The first embodiment is as follows:

the theoretical model test of the present invention is explained and illustrated below with reference to specific embodiments.

In order to further explain the realization idea and the realization process of the method and prove the effectiveness of the method, a horizontal laminar model is used for testing and is compared with the result of the earth surface consistency static correction method.

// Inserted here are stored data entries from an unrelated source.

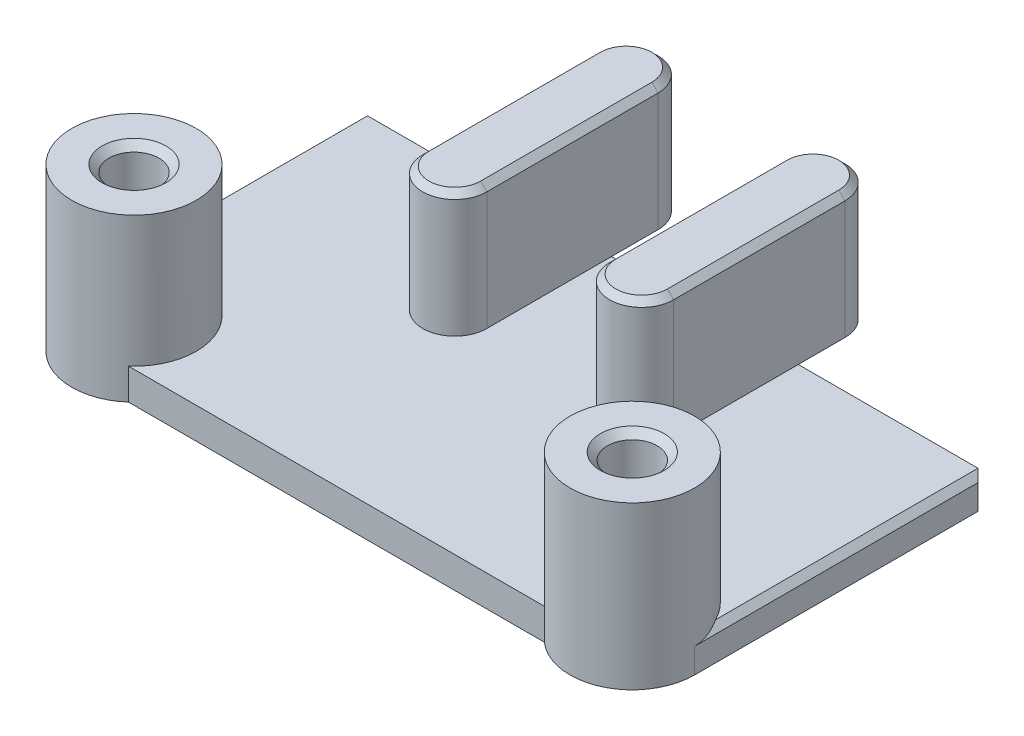
ISO-10303-21;
HEADER;
FILE_DESCRIPTION(('STEP AP214'),'2;1');
FILE_NAME('part.step','',(''),(''),'','','');
FILE_SCHEMA(('AUTOMOTIVE_DESIGN { 1 0 10303 214 1 1 1 1 }'));
ENDSEC;
DATA;
#1=APPLICATION_CONTEXT('core data for automotive mechanical design processes');
#2=APPLICATION_PROTOCOL_DEFINITION('international standard','automotive_design',2000,#1);
#3=PRODUCT_CONTEXT('',#1,'mechanical');
#4=PRODUCT('Part','Part','',(#3));
#5=PRODUCT_RELATED_PRODUCT_CATEGORY('part','',(#4));
#6=PRODUCT_DEFINITION_FORMATION('','',#4);
#7=PRODUCT_DEFINITION_CONTEXT('part definition',#1,'design');
#8=PRODUCT_DEFINITION('design','',#6,#7);
#9=PRODUCT_DEFINITION_SHAPE('','',#8);
#10=(LENGTH_UNIT() NAMED_UNIT(*) SI_UNIT(.MILLI.,.METRE.));
#11=(NAMED_UNIT(*) PLANE_ANGLE_UNIT() SI_UNIT($,.RADIAN.));
#12=(NAMED_UNIT(*) SI_UNIT($,.STERADIAN.) SOLID_ANGLE_UNIT());
#13=UNCERTAINTY_MEASURE_WITH_UNIT(LENGTH_MEASURE(1.E-05),#10,'distance_accuracy_value','');
#14=(GEOMETRIC_REPRESENTATION_CONTEXT(3) GLOBAL_UNCERTAINTY_ASSIGNED_CONTEXT((#13)) GLOBAL_UNIT_ASSIGNED_CONTEXT((#10,
#11,#12)) REPRESENTATION_CONTEXT('',''));
#15=CARTESIAN_POINT('',(0.,0.,0.));
#16=DIRECTION('',(0.,0.,1.));
#17=DIRECTION('',(1.,0.,0.));
#18=AXIS2_PLACEMENT_3D('',#15,#16,#17);
#19=CARTESIAN_POINT('',(0.,0.,0.));
#20=DIRECTION('',(0.,1.,0.));
#21=DIRECTION('',(0.,0.,1.));
#22=AXIS2_PLACEMENT_3D('',#19,#20,#21);
#23=PLANE('',#22);
#24=DIRECTION('',(0.,0.,1.));
#25=VECTOR('',#24,1.);
#26=CARTESIAN_POINT('',(-10.,0.,-5.4));
#27=LINE('',#26,#25);
#28=CARTESIAN_POINT('',(-10.,0.,-5.2));
#29=VERTEX_POINT('',#28);
#30=CARTESIAN_POINT('',(-10.,0.,3.9));
#31=VERTEX_POINT('',#30);
#32=EDGE_CURVE('E233',#29,#31,#27,.T.);
#33=ORIENTED_EDGE('',*,*,#32,.F.);
#34=DIRECTION('',(-0.707106781186548,0.,0.707106781186548));
#35=VECTOR('',#34,1.);
#36=CARTESIAN_POINT('',(-10.,0.,-5.2));
#37=LINE('',#36,#35);
#38=CARTESIAN_POINT('',(-9.8,0.,-5.4));
#39=VERTEX_POINT('',#38);
#40=EDGE_CURVE('E251',#29,#39,#37,.F.);
#41=ORIENTED_EDGE('',*,*,#40,.T.);
#42=DIRECTION('',(-1.,0.,0.));
#43=VECTOR('',#42,1.);
#44=CARTESIAN_POINT('',(-10.,0.,-5.4));
#45=LINE('',#44,#43);
#46=CARTESIAN_POINT('',(9.8,0.,-5.4));
#47=VERTEX_POINT('',#46);
#48=EDGE_CURVE('E229',#47,#39,#45,.T.);
#49=ORIENTED_EDGE('',*,*,#48,.F.);
#50=DIRECTION('',(-0.707106781186548,0.,-0.707106781186548));
#51=VECTOR('',#50,1.);
#52=CARTESIAN_POINT('',(9.8,0.,-5.4));
#53=LINE('',#52,#51);
#54=CARTESIAN_POINT('',(10.,0.,-5.2));
#55=VERTEX_POINT('',#54);
#56=EDGE_CURVE('E228',#47,#55,#53,.F.);
#57=ORIENTED_EDGE('',*,*,#56,.T.);
#58=DIRECTION('',(0.,0.,-1.));
#59=VECTOR('',#58,1.);
#60=CARTESIAN_POINT('',(10.,0.,-5.4));
#61=LINE('',#60,#59);
#62=CARTESIAN_POINT('',(10.,0.,3.89999999999999));
#63=VERTEX_POINT('',#62);
#64=EDGE_CURVE('E219',#63,#55,#61,.T.);
#65=ORIENTED_EDGE('',*,*,#64,.F.);
#66=CARTESIAN_POINT('',(8.,0.,3.9));
#67=DIRECTION('',(0.,1.,0.));
#68=DIRECTION('',(0.,0.,1.));
#69=AXIS2_PLACEMENT_3D('',#66,#67,#68);
#70=CIRCLE('',#69,2.);
#71=CARTESIAN_POINT('',(6.6771243444677,0.,5.4));
#72=VERTEX_POINT('',#71);
#73=EDGE_CURVE('E203',#72,#63,#70,.T.);
#74=ORIENTED_EDGE('',*,*,#73,.F.);
#75=DIRECTION('',(1.,0.,0.));
#76=VECTOR('',#75,1.);
#77=CARTESIAN_POINT('',(-10.,0.,5.4));
#78=LINE('',#77,#76);
#79=CARTESIAN_POINT('',(-6.67712434446771,0.,5.4));
#80=VERTEX_POINT('',#79);
#81=EDGE_CURVE('E242',#80,#72,#78,.T.);
#82=ORIENTED_EDGE('',*,*,#81,.F.);
#83=CARTESIAN_POINT('',(-8.,0.,3.9));
#84=DIRECTION('',(0.,1.,0.));
#85=DIRECTION('',(0.,0.,1.));
#86=AXIS2_PLACEMENT_3D('',#83,#84,#85);
#87=CIRCLE('',#86,2.);
#88=EDGE_CURVE('E800',#31,#80,#87,.T.);
#89=ORIENTED_EDGE('',*,*,#88,.F.);
#90=EDGE_LOOP('',(#33,#41,#49,#57,#65,#74,#82,#89));
#91=FACE_BOUND('',#90,.T.);
#92=ADVANCED_FACE('F40',(#91),#23,.F.);
#93=CARTESIAN_POINT('',(10.,1.,-5.4));
#94=DIRECTION('',(-1.,0.,0.));
#95=DIRECTION('',(0.,0.,1.));
#96=AXIS2_PLACEMENT_3D('',#93,#94,#95);
#97=PLANE('',#96);
#98=ORIENTED_EDGE('',*,*,#64,.T.);
#99=DIRECTION('',(0.,1.,0.));
#100=VECTOR('',#99,1.);
#101=CARTESIAN_POINT('',(10.,1.,-5.2));
#102=LINE('',#101,#100);
#103=CARTESIAN_POINT('',(10.,0.799999999999998,-5.2));
#104=VERTEX_POINT('',#103);
#105=EDGE_CURVE('E263',#55,#104,#102,.T.);
#106=ORIENTED_EDGE('',*,*,#105,.T.);
#107=DIRECTION('',(0.,0.,1.));
#108=VECTOR('',#107,1.);
#109=CARTESIAN_POINT('',(10.,0.799999999999998,3.9));
#110=LINE('',#109,#108);
#111=CARTESIAN_POINT('',(10.,0.799999999999998,3.89999999999999));
#112=VERTEX_POINT('',#111);
#113=EDGE_CURVE('E222',#104,#112,#110,.T.);
#114=ORIENTED_EDGE('',*,*,#113,.T.);
#115=DIRECTION('',(0.,1.,0.));
#116=VECTOR('',#115,1.);
#117=CARTESIAN_POINT('',(10.,0.,3.89999999999999));
#118=LINE('',#117,#116);
#119=EDGE_CURVE('E207',#63,#112,#118,.T.);
#120=ORIENTED_EDGE('',*,*,#119,.F.);
#121=EDGE_LOOP('',(#98,#106,#114,#120));
#122=FACE_BOUND('',#121,.T.);
#123=ADVANCED_FACE('F218',(#122),#97,.F.);
#124=CARTESIAN_POINT('',(0.,1.,0.));
#125=DIRECTION('',(0.,1.,0.));
#126=DIRECTION('',(0.,0.,1.));
#127=AXIS2_PLACEMENT_3D('',#124,#125,#126);
#128=PLANE('',#127);
#129=DIRECTION('',(-1.,0.,0.));
#130=VECTOR('',#129,1.);
#131=CARTESIAN_POINT('',(-10.,1.,-5.4));
#132=LINE('',#131,#130);
#133=CARTESIAN_POINT('',(-4.03,1.,-5.4));
#134=VERTEX_POINT('',#133);
#135=CARTESIAN_POINT('',(-9.8,1.,-5.4));
#136=VERTEX_POINT('',#135);
#137=EDGE_CURVE('E244',#134,#136,#132,.T.);
#138=ORIENTED_EDGE('',*,*,#137,.T.);
#139=DIRECTION('',(0.,0.,1.));
#140=VECTOR('',#139,1.);
#141=CARTESIAN_POINT('',(-9.8,1.,3.9));
#142=LINE('',#141,#140);
#143=CARTESIAN_POINT('',(-9.8,1.,3.02822021129186));
#144=VERTEX_POINT('',#143);
#145=EDGE_CURVE('E260',#136,#144,#142,.T.);
#146=ORIENTED_EDGE('',*,*,#145,.T.);
#147=CARTESIAN_POINT('',(-8.,1.,3.9));
#148=DIRECTION('',(0.,1.,0.));
#149=DIRECTION('',(0.,0.,1.));
#150=AXIS2_PLACEMENT_3D('',#147,#148,#149);
#151=CIRCLE('',#150,2.);
#152=CARTESIAN_POINT('',(-6.67712434446771,1.,5.4));
#153=VERTEX_POINT('',#152);
#154=EDGE_CURVE('E235',#153,#144,#151,.T.);
#155=ORIENTED_EDGE('',*,*,#154,.F.);
#156=DIRECTION('',(1.,0.,0.));
#157=VECTOR('',#156,1.);
#158=CARTESIAN_POINT('',(-10.,1.,5.4));
#159=LINE('',#158,#157);
#160=CARTESIAN_POINT('',(6.67712434446771,1.,5.4));
#161=VERTEX_POINT('',#160);
#162=EDGE_CURVE('E238',#153,#161,#159,.T.);
#163=ORIENTED_EDGE('',*,*,#162,.T.);
#164=CARTESIAN_POINT('',(8.,1.,3.9));
#165=DIRECTION('',(0.,1.,0.));
#166=DIRECTION('',(0.,0.,1.));
#167=AXIS2_PLACEMENT_3D('',#164,#165,#166);
#168=CIRCLE('',#167,2.);
#169=CARTESIAN_POINT('',(9.8,1.,3.02822021129186));
#170=VERTEX_POINT('',#169);
#171=EDGE_CURVE('E864',#170,#161,#168,.T.);
#172=ORIENTED_EDGE('',*,*,#171,.F.);
#173=DIRECTION('',(0.,0.,-1.));
#174=VECTOR('',#173,1.);
#175=CARTESIAN_POINT('',(9.8,1.,-5.4));
#176=LINE('',#175,#174);
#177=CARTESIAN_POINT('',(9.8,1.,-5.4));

S1: a true velocity model is created as shown in fig. 2. The width of the real speed model is 20 km, and the depth is 2 km. The real velocity model has 4 layers. The Z direction is 0.35 km to 0.8 km which is a near-surface low-speed layer, and 3 constant-speed strata are arranged below the Z direction. A square grid discrete real speed model is adopted, and the grid size is 10 multiplied by 10 m.

S2: an observation system: and adopting an observation mode of blasting in the middle and receiving at two sides. The shot points are evenly distributed at intervals of 100 m between 6.1 and 13.8 km. 241 geophone points per shot receive seismic records. The demodulator probes are evenly distributed on the two sides of the shot point at intervals of 50 m. The minimum offset distance is 0 km, and the maximum offset distance is 6 km. The sampling time of the seismic data is 3.5 s, and the time sampling interval is 1 ms.

S3: the seismic data are obtained by forward simulation of a second-order acoustic wave equation by using a real speed model (detailed in figure 2) and a Rake wavelet with a seismic source function as a main frequency of 15 Hz. FIG. 3 is a 23 rd shot seismic record from a forward simulation.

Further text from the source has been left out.